Sumber : daniarwikan.blogspot.com200903sejarah-fotografi indonesia
Dari foto-fotonya tersebut, bisa dibilang bahwa Cephas telah memotret banyak hal tentang kehidupan di dalam Keraton,
mulai dari foto Sultan Hamengku Buwono VII dan keluarganya, bangunan-bangunan sekitar Keraton, upacara Garebeg di alun-
alun, iring-iringan benda untuk keperluan upacara, tari-tarian, hingga pemandangan Kota Yogyakarta dan sekitarnya.
Tidak itu saja, bahkan Cephas juga diketahui banyak memotret candi dan bangunan bersejarah lainnya, terutama yang
ada di sekitar Yogyakarta. Berkaitan dengan kegiatan Cephas memotret kalangan bangsawan Keraton, ada cerita yang cukup
menarik. Zaman dulu, dari sekian banyak penduduk Jawa waktu itu, hanya segelintir saja rakyat yang bisa atau pernah melihat
wajah rajanya. Tapi, dengan foto-foto yang dibuat Cephas, maka wajah-wajah raja dan bangsawan bisa dikenali rakyatnya.

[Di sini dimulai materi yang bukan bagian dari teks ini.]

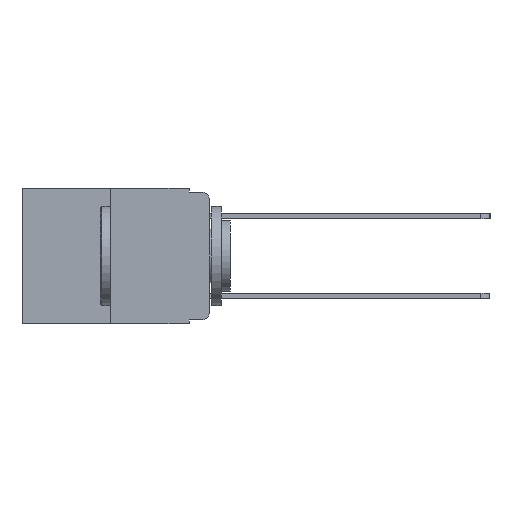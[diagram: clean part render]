
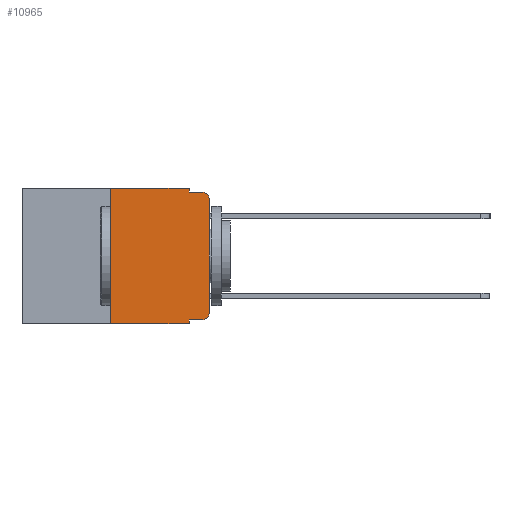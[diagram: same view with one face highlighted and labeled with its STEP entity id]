
A CAD part, left-side view. The second image highlights one B-rep face of the part: STEP entity #10965.
In plain terms, the highlighted planar face has unit normal (-1, 0, 0).
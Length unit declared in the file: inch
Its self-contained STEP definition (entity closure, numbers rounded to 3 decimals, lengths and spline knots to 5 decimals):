
#463 = DIRECTION ( 'NONE',  ( -1., 0., 0. ) ) ;
#559 = CARTESIAN_POINT ( 'NONE',  ( 0., 0.02, -0.03 ) ) ;
#815 = DIRECTION ( 'NONE',  ( 0., -1., 0. ) ) ;
#863 = LINE ( 'NONE', #7514, #6276 ) ;
#991 = VERTEX_POINT ( 'NONE', #5275 ) ;
#1178 = LINE ( 'NONE', #5688, #6547 ) ;
#1426 = VERTEX_POINT ( 'NONE', #5379 ) ;
#1552 = CARTESIAN_POINT ( 'NONE',  ( 0., 0.051, 0. ) ) ;
#1586 = VECTOR ( 'NONE', #9574, 39.37008 ) ;
#1803 = PLANE ( 'NONE',  #5766 ) ;
#1967 = CARTESIAN_POINT ( 'NONE',  ( 0., 0.051, -0.01 ) ) ;
#2157 = EDGE_CURVE ( 'NONE', #9900, #6211, #3171, .T. ) ;
#2367 = ORIENTED_EDGE ( 'NONE', *, *, #4210, .T. ) ;
#2442 = VECTOR ( 'NONE', #815, 39.37008 ) ;
#2446 = DIRECTION ( 'NONE',  ( -1., 0., 0. ) ) ;
#2793 = LINE ( 'NONE', #1967, #2442 ) ;
#2975 = DIRECTION ( 'NONE',  ( 0., 0., -1. ) ) ;
#3036 = VERTEX_POINT ( 'NONE', #11679 ) ;
#3118 = ORIENTED_EDGE ( 'NONE', *, *, #5875, .T. ) ;
#3171 = CIRCLE ( 'NONE', #10044, 0.02 ) ;
#3185 = EDGE_CURVE ( 'NONE', #8715, #991, #4021, .T. ) ;
#3315 = CARTESIAN_POINT ( 'NONE',  ( 0., 0.02, -0.333 ) ) ;
#3471 = ORIENTED_EDGE ( 'NONE', *, *, #3185, .F. ) ;
#3633 = EDGE_CURVE ( 'NONE', #991, #6211, #2793, .T. ) ;
#3782 = AXIS2_PLACEMENT_3D ( 'NONE', #8808, #2446, #9731 ) ;
#3939 = VERTEX_POINT ( 'NONE', #9661 ) ;
#4003 = ORIENTED_EDGE ( 'NONE', *, *, #3633, .F. ) ;
#4021 = LINE ( 'NONE', #1552, #6264 ) ;
#4210 = EDGE_CURVE ( 'NONE', #3036, #9900, #863, .T. ) ;
#4309 = DIRECTION ( 'NONE',  ( 0., 0., 1. ) ) ;
#4617 = DIRECTION ( 'NONE',  ( 0., 0., -1. ) ) ;
#4692 = LINE ( 'NONE', #10560, #1586 ) ;
#5063 = CARTESIAN_POINT ( 'NONE',  ( 0., 0.473, 0. ) ) ;
#5172 = VECTOR ( 'NONE', #11059, 39.37008 ) ;
#5275 = CARTESIAN_POINT ( 'NONE',  ( 0., 0.051, -0.01 ) ) ;
#5379 = CARTESIAN_POINT ( 'NONE',  ( 0., 0.25, 0. ) ) ;
#5421 = FACE_OUTER_BOUND ( 'NONE', #6030, .T. ) ;
#5441 = DIRECTION ( 'NONE',  ( 0., 0., -1. ) ) ;
#5546 = VERTEX_POINT ( 'NONE', #10888 ) ;
#5577 = ORIENTED_EDGE ( 'NONE', *, *, #6888, .F. ) ;
#5681 = LINE ( 'NONE', #13394, #10293 ) ;
#5688 = CARTESIAN_POINT ( 'NONE',  ( 0., 0.051, -0.333 ) ) ;
#5766 = AXIS2_PLACEMENT_3D ( 'NONE', #13013, #9250, #2975 ) ;
#5815 = EDGE_CURVE ( 'NONE', #5546, #9550, #4692, .T. ) ;
#5843 = LINE ( 'NONE', #5063, #12934 ) ;
#5875 = EDGE_CURVE ( 'NONE', #12383, #3036, #9411, .T. ) ;
#6001 = CARTESIAN_POINT ( 'NONE',  ( 0., 0., -0.03 ) ) ;
#6030 = EDGE_LOOP ( 'NONE', ( #2367, #7678, #4003, #3471, #12428, #5577, #11992, #9729, #8138, #3118 ) ) ;
#6211 = VERTEX_POINT ( 'NONE', #11439 ) ;
#6263 = EDGE_CURVE ( 'NONE', #3939, #12383, #1178, .T. ) ;
#6264 = VECTOR ( 'NONE', #5441, 39.37008 ) ;
#6276 = VECTOR ( 'NONE', #4309, 39.37008 ) ;
#6547 = VECTOR ( 'NONE', #9635, 39.37008 ) ;
#6703 = CARTESIAN_POINT ( 'NONE',  ( 0., 0.051, -0.343 ) ) ;
#6740 = EDGE_CURVE ( 'NONE', #3939, #9550, #5681, .T. ) ;
#6888 = EDGE_CURVE ( 'NONE', #5546, #1426, #12946, .T. ) ;
#7131 = CARTESIAN_POINT ( 'NONE',  ( 0., 0.051, 0. ) ) ;
#7169 = EDGE_CURVE ( 'NONE', #1426, #8715, #5843, .T. ) ;
#7514 = CARTESIAN_POINT ( 'NONE',  ( 0., 0., 0. ) ) ;
#7678 = ORIENTED_EDGE ( 'NONE', *, *, #2157, .T. ) ;
#8138 = ORIENTED_EDGE ( 'NONE', *, *, #6263, .T. ) ;
#8715 = VERTEX_POINT ( 'NONE', #7131 ) ;
#8808 = CARTESIAN_POINT ( 'NONE',  ( 0., 0.02, -0.313 ) ) ;
#9250 = DIRECTION ( 'NONE',  ( 1., 0., 0. ) ) ;
#9411 = CIRCLE ( 'NONE', #3782, 0.02 ) ;
#9550 = VERTEX_POINT ( 'NONE', #6703 ) ;
#9574 = DIRECTION ( 'NONE',  ( 0., -1., 0. ) ) ;
#9635 = DIRECTION ( 'NONE',  ( 0., -1., 0. ) ) ;
#9661 = CARTESIAN_POINT ( 'NONE',  ( 0., 0.051, -0.333 ) ) ;
#9729 = ORIENTED_EDGE ( 'NONE', *, *, #6740, .F. ) ;
#9731 = DIRECTION ( 'NONE',  ( 0., 0., -1. ) ) ;
#9900 = VERTEX_POINT ( 'NONE', #6001 ) ;
#10044 = AXIS2_PLACEMENT_3D ( 'NONE', #559, #463, #11485 ) ;
#10103 = CARTESIAN_POINT ( 'NONE',  ( 0., 0.25, 0. ) ) ;
#10293 = VECTOR ( 'NONE', #4617, 39.37008 ) ;
#10560 = CARTESIAN_POINT ( 'NONE',  ( 0., 0.473, -0.343 ) ) ;
#10888 = CARTESIAN_POINT ( 'NONE',  ( 0., 0.25, -0.343 ) ) ;
#10965 = ADVANCED_FACE ( 'NONE', ( #5421 ), #1803, .F. ) ;
#11059 = DIRECTION ( 'NONE',  ( 0., 0., 1. ) ) ;
#11439 = CARTESIAN_POINT ( 'NONE',  ( 0., 0.02, -0.01 ) ) ;
#11485 = DIRECTION ( 'NONE',  ( 0., 0., -1. ) ) ;
#11679 = CARTESIAN_POINT ( 'NONE',  ( 0., 0., -0.313 ) ) ;
#11992 = ORIENTED_EDGE ( 'NONE', *, *, #5815, .T. ) ;
#12383 = VERTEX_POINT ( 'NONE', #3315 ) ;
#12428 = ORIENTED_EDGE ( 'NONE', *, *, #7169, .F. ) ;
#12876 = DIRECTION ( 'NONE',  ( 0., -1., 0. ) ) ;
#12934 = VECTOR ( 'NONE', #12876, 39.37008 ) ;
#12946 = LINE ( 'NONE', #10103, #5172 ) ;
#13013 = CARTESIAN_POINT ( 'NONE',  ( 0., 0.473, 0. ) ) ;
#13394 = CARTESIAN_POINT ( 'NONE',  ( 0., 0.051, 0. ) ) ;
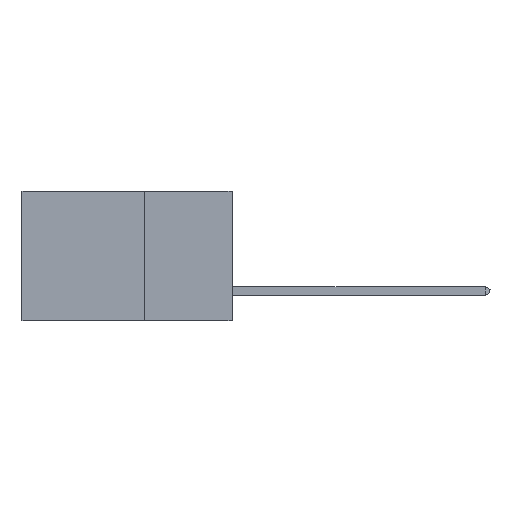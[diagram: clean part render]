
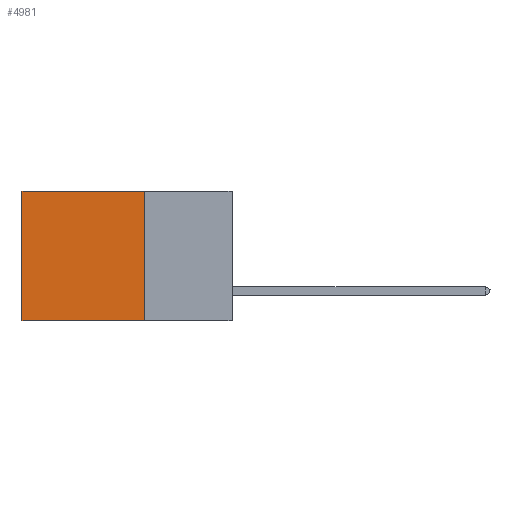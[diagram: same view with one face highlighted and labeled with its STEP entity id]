
A CAD part, left-side view. The second image highlights one B-rep face of the part: STEP entity #4981.
In plain terms, the highlighted planar face has unit normal (-1, 0, 0).
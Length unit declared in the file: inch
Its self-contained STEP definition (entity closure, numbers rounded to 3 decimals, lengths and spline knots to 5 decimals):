
#1151 = EDGE_LOOP ( 'NONE', ( #5792, #8805, #5480, #5748 ) ) ;
#1228 = CARTESIAN_POINT ( 'NONE',  ( 0.2875, 0.6, 0. ) ) ;
#1546 = CARTESIAN_POINT ( 'NONE',  ( 0.2875, 0.25, -0.37 ) ) ;
#1796 = CARTESIAN_POINT ( 'NONE',  ( 0.2875, 0.25, 0. ) ) ;
#3269 = DIRECTION ( 'NONE',  ( 0., 1., 0. ) ) ;
#3343 = DIRECTION ( 'NONE',  ( 0., 0., -1. ) ) ;
#3451 = CARTESIAN_POINT ( 'NONE',  ( 0.2875, 0.6, -0.37 ) ) ;
#3770 = DIRECTION ( 'NONE',  ( 0., 0., -1. ) ) ;
#4053 = VECTOR ( 'NONE', #5547, 39.37008 ) ;
#4315 = CARTESIAN_POINT ( 'NONE',  ( 0.2875, 0.25, 0. ) ) ;
#4981 = ADVANCED_FACE ( 'NONE', ( #10196 ), #11676, .F. ) ;
#5480 = ORIENTED_EDGE ( 'NONE', *, *, #19520, .F. ) ;
#5547 = DIRECTION ( 'NONE',  ( 0., 1., 0. ) ) ;
#5748 = ORIENTED_EDGE ( 'NONE', *, *, #9064, .T. ) ;
#5792 = ORIENTED_EDGE ( 'NONE', *, *, #12553, .T. ) ;
#6005 = VERTEX_POINT ( 'NONE', #3451 ) ;
#7545 = EDGE_CURVE ( 'NONE', #16789, #6005, #9608, .T. ) ;
#7938 = VECTOR ( 'NONE', #3343, 39.37008 ) ;
#8805 = ORIENTED_EDGE ( 'NONE', *, *, #7545, .F. ) ;
#9064 = EDGE_CURVE ( 'NONE', #10915, #14378, #20189, .T. ) ;
#9342 = VECTOR ( 'NONE', #3269, 39.37008 ) ;
#9608 = LINE ( 'NONE', #10279, #9342 ) ;
#9900 = DIRECTION ( 'NONE',  ( 1., 0., 0. ) ) ;
#9955 = VECTOR ( 'NONE', #19670, 39.37008 ) ;
#10196 = FACE_OUTER_BOUND ( 'NONE', #1151, .T. ) ;
#10279 = CARTESIAN_POINT ( 'NONE',  ( 0.2875, 0.25, -0.37 ) ) ;
#10915 = VERTEX_POINT ( 'NONE', #4315 ) ;
#11676 = PLANE ( 'NONE',  #19732 ) ;
#11730 = LINE ( 'NONE', #18367, #9955 ) ;
#12553 = EDGE_CURVE ( 'NONE', #14378, #6005, #18065, .T. ) ;
#14378 = VERTEX_POINT ( 'NONE', #1228 ) ;
#14465 = CARTESIAN_POINT ( 'NONE',  ( 0.2875, 0.6, 0. ) ) ;
#16099 = CARTESIAN_POINT ( 'NONE',  ( 0.2875, 0.25, 0. ) ) ;
#16789 = VERTEX_POINT ( 'NONE', #1546 ) ;
#18065 = LINE ( 'NONE', #14465, #7938 ) ;
#18367 = CARTESIAN_POINT ( 'NONE',  ( 0.2875, 0.25, 0. ) ) ;
#19520 = EDGE_CURVE ( 'NONE', #10915, #16789, #11730, .T. ) ;
#19670 = DIRECTION ( 'NONE',  ( 0., 0., -1. ) ) ;
#19732 = AXIS2_PLACEMENT_3D ( 'NONE', #1796, #9900, #3770 ) ;
#20189 = LINE ( 'NONE', #16099, #4053 ) ;
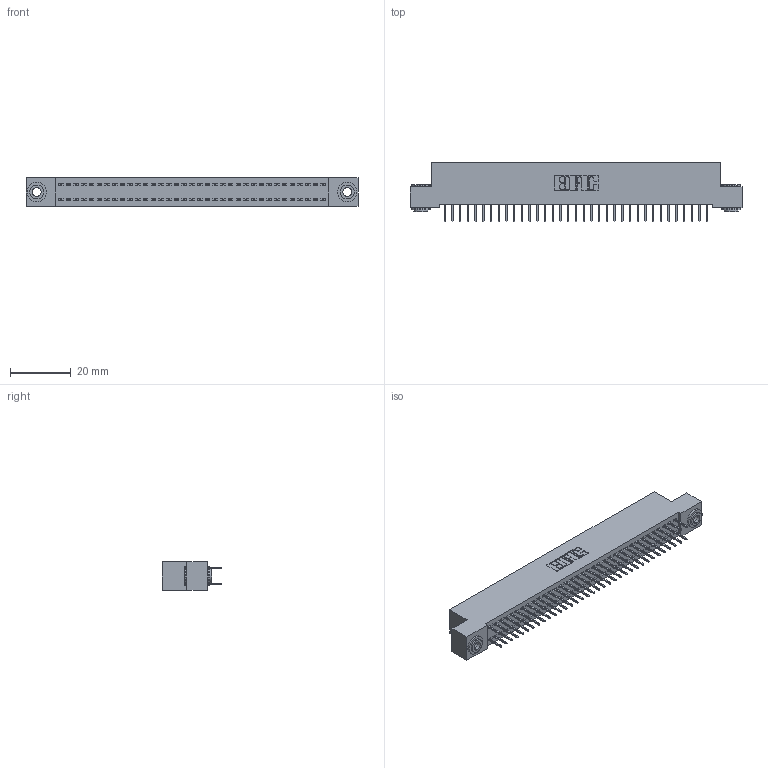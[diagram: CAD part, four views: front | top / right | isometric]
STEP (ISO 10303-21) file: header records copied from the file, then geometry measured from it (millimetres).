
FILE_DESCRIPTION (( 'STEP AP203' ), '1' );
FILE_NAME ('342-070-524-203.STEP', '2019-10-03T15:58:32', ( '' ), ( '' ), 'SwSTEP 2.0', 'SolidWorks 2016', '' );
FILE_SCHEMA (( 'CONFIG_CONTROL_DESIGN' ));
Length unit declared in the file: inch
Products named in the file (4): 342 Part_.156 TH; 345-292-001_345-293-124; 342-250-002_345-250-002-102; 342-070-524-203
Assembly tree (73 placements, depth 2):
  342-070-524-203
    342 Part_.156 TH
    345-292-001_345-293-124  x70
    342-250-002_345-250-002-102  x2
Bounding box: 109.22 x 19.69 x 9.4 mm (x, y, z)
Volume: 9697.2 mm3; surface area: 15550.6 mm2
Topology: 73 solids, 73 shells, 4068 faces, 11505 edges, 7386 vertices
Faces by surface type: plane 3016, cylinder 1044, cone 8
Entity records: 24014 total; most frequent: CARTESIAN_POINT 3961, ORIENTED_EDGE 3890, DIRECTION 3431, EDGE_CURVE 1945, LINE 1797, VECTOR 1797, VERTEX_POINT 1290, AXIS2_PLACEMENT_3D 817
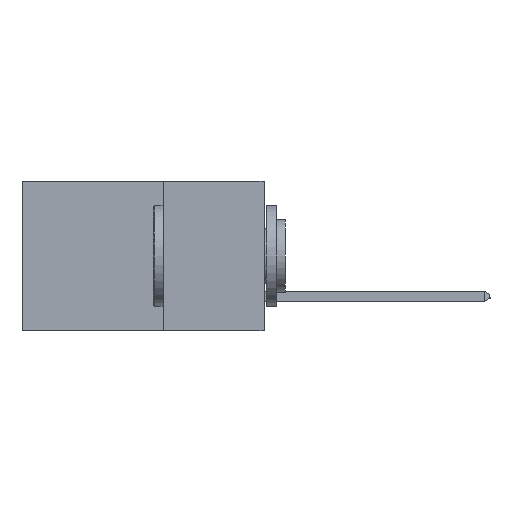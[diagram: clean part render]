
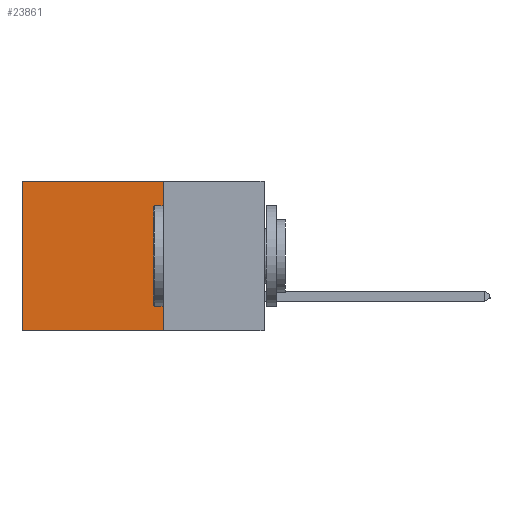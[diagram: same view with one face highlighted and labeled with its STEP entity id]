
A CAD part, left-side view. The second image highlights one B-rep face of the part: STEP entity #23861.
In plain terms, the highlighted planar face has unit normal (-1, 0, 0).
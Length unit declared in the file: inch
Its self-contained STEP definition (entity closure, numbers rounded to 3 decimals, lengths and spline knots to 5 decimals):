
#62 = VERTEX_POINT ( 'NONE', #7868 ) ;
#1287 = CARTESIAN_POINT ( 'NONE',  ( 0.298, 0.25, 0. ) ) ;
#1892 = CARTESIAN_POINT ( 'NONE',  ( 0.298, 0.6, 0. ) ) ;
#2464 = VECTOR ( 'NONE', #27276, 39.37008 ) ;
#3579 = DIRECTION ( 'NONE',  ( 0., 0., -1. ) ) ;
#3628 = AXIS2_PLACEMENT_3D ( 'NONE', #1287, #17008, #3579 ) ;
#4653 = VECTOR ( 'NONE', #16939, 39.37008 ) ;
#5841 = VERTEX_POINT ( 'NONE', #20908 ) ;
#7281 = VECTOR ( 'NONE', #21092, 39.37008 ) ;
#7868 = CARTESIAN_POINT ( 'NONE',  ( 0.298, 0.25, -0.37 ) ) ;
#8537 = LINE ( 'NONE', #22869, #2464 ) ;
#8807 = VERTEX_POINT ( 'NONE', #26262 ) ;
#9474 = VERTEX_POINT ( 'NONE', #1892 ) ;
#9929 = VECTOR ( 'NONE', #19679, 39.37008 ) ;
#9964 = ORIENTED_EDGE ( 'NONE', *, *, #20353, .F. ) ;
#14778 = CARTESIAN_POINT ( 'NONE',  ( 0.298, 0.6, 0. ) ) ;
#15065 = EDGE_CURVE ( 'NONE', #5841, #62, #20486, .T. ) ;
#15094 = ORIENTED_EDGE ( 'NONE', *, *, #20017, .T. ) ;
#16580 = LINE ( 'NONE', #14778, #4653 ) ;
#16939 = DIRECTION ( 'NONE',  ( 0., 0., -1. ) ) ;
#17008 = DIRECTION ( 'NONE',  ( 1., 0., 0. ) ) ;
#17345 = FACE_OUTER_BOUND ( 'NONE', #22734, .T. ) ;
#17487 = CARTESIAN_POINT ( 'NONE',  ( 0.298, 0.25, -0.37 ) ) ;
#19679 = DIRECTION ( 'NONE',  ( 0., 1., 0. ) ) ;
#20017 = EDGE_CURVE ( 'NONE', #5841, #9474, #8537, .T. ) ;
#20353 = EDGE_CURVE ( 'NONE', #62, #8807, #21637, .T. ) ;
#20486 = LINE ( 'NONE', #23314, #7281 ) ;
#20908 = CARTESIAN_POINT ( 'NONE',  ( 0.298, 0.25, 0. ) ) ;
#21092 = DIRECTION ( 'NONE',  ( 0., 0., -1. ) ) ;
#21594 = ORIENTED_EDGE ( 'NONE', *, *, #15065, .F. ) ;
#21637 = LINE ( 'NONE', #17487, #9929 ) ;
#22454 = ORIENTED_EDGE ( 'NONE', *, *, #25166, .T. ) ;
#22734 = EDGE_LOOP ( 'NONE', ( #22454, #9964, #21594, #15094 ) ) ;
#22869 = CARTESIAN_POINT ( 'NONE',  ( 0.298, 0.25, 0. ) ) ;
#23314 = CARTESIAN_POINT ( 'NONE',  ( 0.298, 0.25, 0. ) ) ;
#23861 = ADVANCED_FACE ( 'NONE', ( #17345 ), #25757, .F. ) ;
#25166 = EDGE_CURVE ( 'NONE', #9474, #8807, #16580, .T. ) ;
#25757 = PLANE ( 'NONE',  #3628 ) ;
#26262 = CARTESIAN_POINT ( 'NONE',  ( 0.298, 0.6, -0.37 ) ) ;
#27276 = DIRECTION ( 'NONE',  ( 0., 1., 0. ) ) ;

2. Masa-Masa Keemasan Cephas
Cephas pernah terlibat dalam proyek pemotretan untuk penelitian monumen kuno peninggalan zaman Hindu-Jawa,
yaitu kompleks Candi Loro Jonggrang di Prambanan, yang dilakukan oleh Archeological Union di Yogyakarta pada tahun
1889-1890. Saat bekerja, Cephas banyak dibantu oleh Sem, anak laki-lakinya yang juga tertarik pada dunia fotografi. Cephas juga
membantu memotret untuk lembaga yang sama ketika dasar tersembunyi Candi Borobudur mulai ditemukan. Ada sekitar
300 foto yang dibuat Cephas dalam proyek penggalian itu. Pemerintah Belanda mengalokasikan dana 9.000 gulden untuk
penelitian tersebut. Cephas dibayar 10 gulden per lembar fotonya. Ia mengantongi 3.000 gulden sepertiga dari seluruh
uang penelitian, jumlah yang sangat besar untuk ukuran waktu itu.
Beberapa foto seputar candi tersebut dijual Cephas. Alhasil, foto-foto buah karyanya itu menyebar dan terkenal. Ada
yang digunakan sebagai suvenir atau oleh-oleh bagi para elit Belanda yang akan pergi ke luar kota atau ke Eropa. Album-
album yang berisi foto-foto Sultan dan keluarganya juga kerap diberikan sebagai hadiah untuk pejabat pemerintahan seperti
presiden. Hal itu tentunya membuat Cephas dikenal luas oleh masyarakat kelas tinggi, dan memberinya keleluasaan bergaul di
lingkungan mereka. Karena kedekatan dengan lingkungan elit itulah sejak tahun 1888 Cephas memulai prosedur untuk
mendapatkan status equivalent to Europeans sama dengan orang Eropa untuk dirinya sendiri dan anak laki-lakinya: Sem
dan Fares. Cephas adalah salah satu dari segelintir pribumi yang
waktu itu bisa menikmati keistimewaan-keistimewaan dan
penghargaan dari masyarakat elit Eropa di Yogyakarta. Mungkin itu sebabnya karya-karya foto Cephas sarat dengan
suasana menyenangkan dan indah. Model-model cantik, tari- tarian, upacara-upacara, arsitektur rumah tempo dulu, dan semua
hal yang enak dilihat selalu menjadi sasaran bidik kameranya. Bahkan, rumah dan toko milik orang-orang Belanda, lengkap
dengan tuan-tuan dan noni-noni Belanda yang duduk-duduk di teras rumah, juga sering menjadi obyek fotonya.
Sekitar tahun 1863-1875, Cephas sempat magang di sebuah kantor milik Isidore van Kinsbergen, fotografer yang
bekerja di Jawa Tengah. Status sebagai fotografer resmi baru ia sandang saat bekerja di Kesultanan Yogyakarta. Sejak menjadi
fotografer khusus Kesultanan itulah namanya mulai dikenal hingga ke Eropa.